A “Morris” Worm for Generative Artificial Intelligence
Almost every day there is a new announcement about Artificial Intelligence and Security, and not all of them look good. The latest (here) describes how it is possible to create a worm that propagates between Generative Artificial Intelligence models. For (understandable) historical reasons, it has been named “Morris II”.
The approach seems simple: abusing the Retrieval-Augmented Generation (RAG) capabilities of these models (that is the capability of retrieving data from external authoritative, pre-determined knowledge sources) it is possible to propagate adversarial self-replicating prompts between different Gen-AI models. In other words, through external shared sources such as email, a Gen-AI model can propagate the worm to another model. Notice that the effect of the input data (prompt) to a Gen-AI model is to replicate that prompt in output so that it can be picked up by another Gen-AI model.
This is only a research study and the authors intend to raise this issue in order to prevent the real appearance of Morris II-type worms.
But all this only means that we have still a lot to learn and a lot to do to be able to create and use Artificial Intelligence securely.
Latest AI Models can Autonomously Hack Websites
This research article is quite interesting and at the same time scary. It shows how the latest Large Language Models (LLMs) could be used to autonomously attack and hack Internet websites without human feedback or support.
The study shows that an AI model which
- can reach websites in Internet through tools and/or API
- can use the response of the websites as an input to itself to plan further actions
- can read documents provided a priori by humans as a support library of possible use
has in principle (and for GPT4, in practice) the capability to interact with the target website, identify vulnerabilities like SQL Injection, XSS, etc., and build and perform a successful attack.
The study also shows that, as of today, almost all AI models lack the three features to the maturity level required. Nonetheless, with the current speed of development of AI models, these features will become standard in very little time.
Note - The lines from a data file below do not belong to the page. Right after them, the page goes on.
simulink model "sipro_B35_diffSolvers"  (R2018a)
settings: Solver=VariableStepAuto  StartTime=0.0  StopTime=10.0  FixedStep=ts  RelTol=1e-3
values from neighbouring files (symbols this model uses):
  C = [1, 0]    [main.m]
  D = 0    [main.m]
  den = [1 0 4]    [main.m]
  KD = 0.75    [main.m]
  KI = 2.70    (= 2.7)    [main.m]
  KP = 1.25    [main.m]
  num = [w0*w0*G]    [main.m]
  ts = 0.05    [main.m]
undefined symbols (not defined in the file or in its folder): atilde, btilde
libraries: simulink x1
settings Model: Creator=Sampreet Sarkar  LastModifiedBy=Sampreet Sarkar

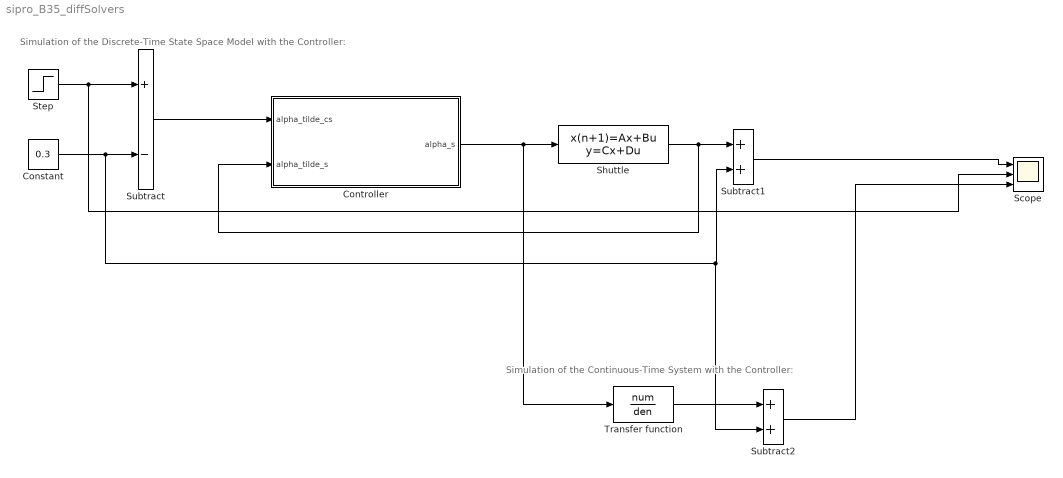
== system sipro_B35_diffSolvers ==
  note: Simulation of the Discrete-Time State Space Model with the Controller:
  note: Simulation of the Continuous-Time System with the Controller:
  Constant : Constant  Value=0.3
  Controller : Subsystem
  Scope : Scope  NumInputPorts=3
  "Shuttle " : DiscreteStateSpace  A=atilde  B=btilde  C=C  D=D  SampleTime=ts
  Step : Step  Before=0.3  After=0.27  SampleTime=ts
  Subtract : Sum  Inputs=+-
  Subtract1 : Sum
  Subtract2 : Sum
  "Transfer function " : TransferFcn  Numerator=num  Denominator=den
  wires:
  Subtract/1 -> Controller/1(alpha_tilde_cs)
  Constant/1 -> Subtract2/2, Subtract1/2, Subtract/2
  "Shuttle "/1 -> Controller/2(alpha_tilde_s), Subtract1/1
  Subtract1/1 -> Scope/1
  Step/1 -> Scope/2, Subtract/1
  "Transfer function "/1 -> Subtract2/1
  Controller/1(alpha_s) -> "Transfer function "/1, "Shuttle "/1
  Subtract2/1 -> Scope/3

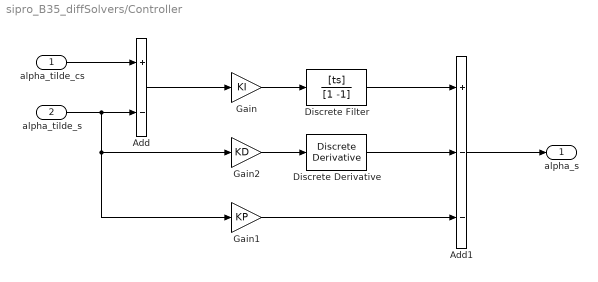
== system sipro_B35_diffSolvers/Controller ==
  alpha_tilde_cs : Inport
  alpha_tilde_s : Inport  Port=2
  Add : Sum  Inputs=+-
  Add1 : Sum  Inputs=+--
  Discrete Derivative : simulink/Discrete/Discrete Derivative  gainval=1.0  ICPrevScaledInput=0.0  OutMin=[]  OutMax=[]  OutDataType=fixdt(1, 16)  OutScaling=2^-10  DoSatur=off
  Discrete Filter : DiscreteFilter  Numerator=[ts]  Denominator=[1 -1]
  Gain : Gain  Gain=KI
  Gain1 : Gain  Gain=KP
  Gain2 : Gain  Gain=KD
  alpha_s : Outport
  wires:
  Gain2/1 -> Discrete Derivative/1
  Discrete Filter/1 -> Add1/1
  Add/1 -> Gain/1
  Gain/1 -> Discrete Filter/1
  alpha_tilde_s/1 -> Gain1/1, Gain2/1, Add/2
  Discrete Derivative/1 -> Add1/2
  alpha_tilde_cs/1 -> Add/1
  Gain1/1 -> Add1/3
  Add1/1 -> alpha_s/1
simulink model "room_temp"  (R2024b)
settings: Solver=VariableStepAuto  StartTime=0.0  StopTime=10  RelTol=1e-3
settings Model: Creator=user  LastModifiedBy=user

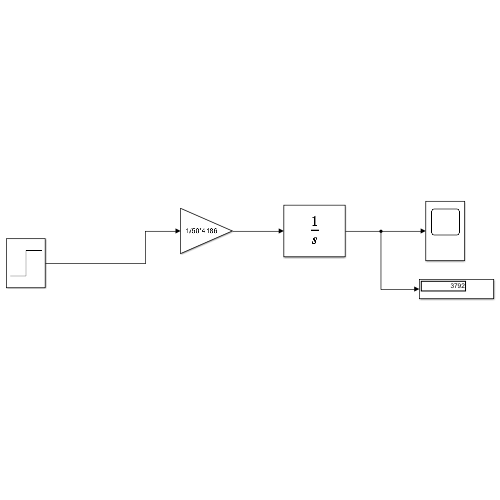
[thumbnail: Simulink's stored preview of the top-level diagram]
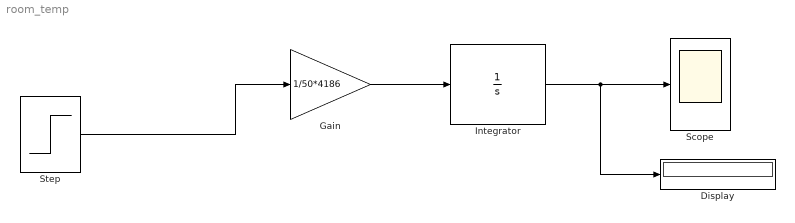
== system room_temp ==
  Display : Display
  Gain : Gain  Gain=1/50*4186
  Integrator : Integrator  InitialCondition=25
  Scope : Scope
  Step : Step  After=5  SampleTime=0
  wires:
  Gain/1 -> Integrator/1
  Integrator/1 -> Display/1, Scope/1
  Step/1 -> Gain/1

Due to the (future) ease and low cost of employing an AI model to hack a website, AI service providers face the critical task of preventing this type of abuse of their services, but owners of websites will need anyway to improve their security since sooner or later “AI hacking as a service” offerings will appear.
Hardware Based Fully Homomorphic Encryption
Slowly but Fully Homomorphic Encryption (FHE) improves. Actually this is a dream for all: service providers (SaaS) would not need to worry about the confidentiality of their clients’ information, and clients about the risk of having confidential information processed by a third party.
In a few words, FHE provides computing on encrypted data so that the result of the computation is obtained once data is decrypted. This was mostly an idea until 2009 when Craig Gentry described the first plausible construction for a fully homomorphic encryption scheme. But the major problem of all the proposed FHE schemes is that they are extremely slow and resource intensive. But this year (see here for example) new chips should arrive on the market which implement in hardware the critical operations of FHE computations, speeding them up many times. Still, this is just another step forward to a practical FHE, there is still a long way to go, but we are getting closer.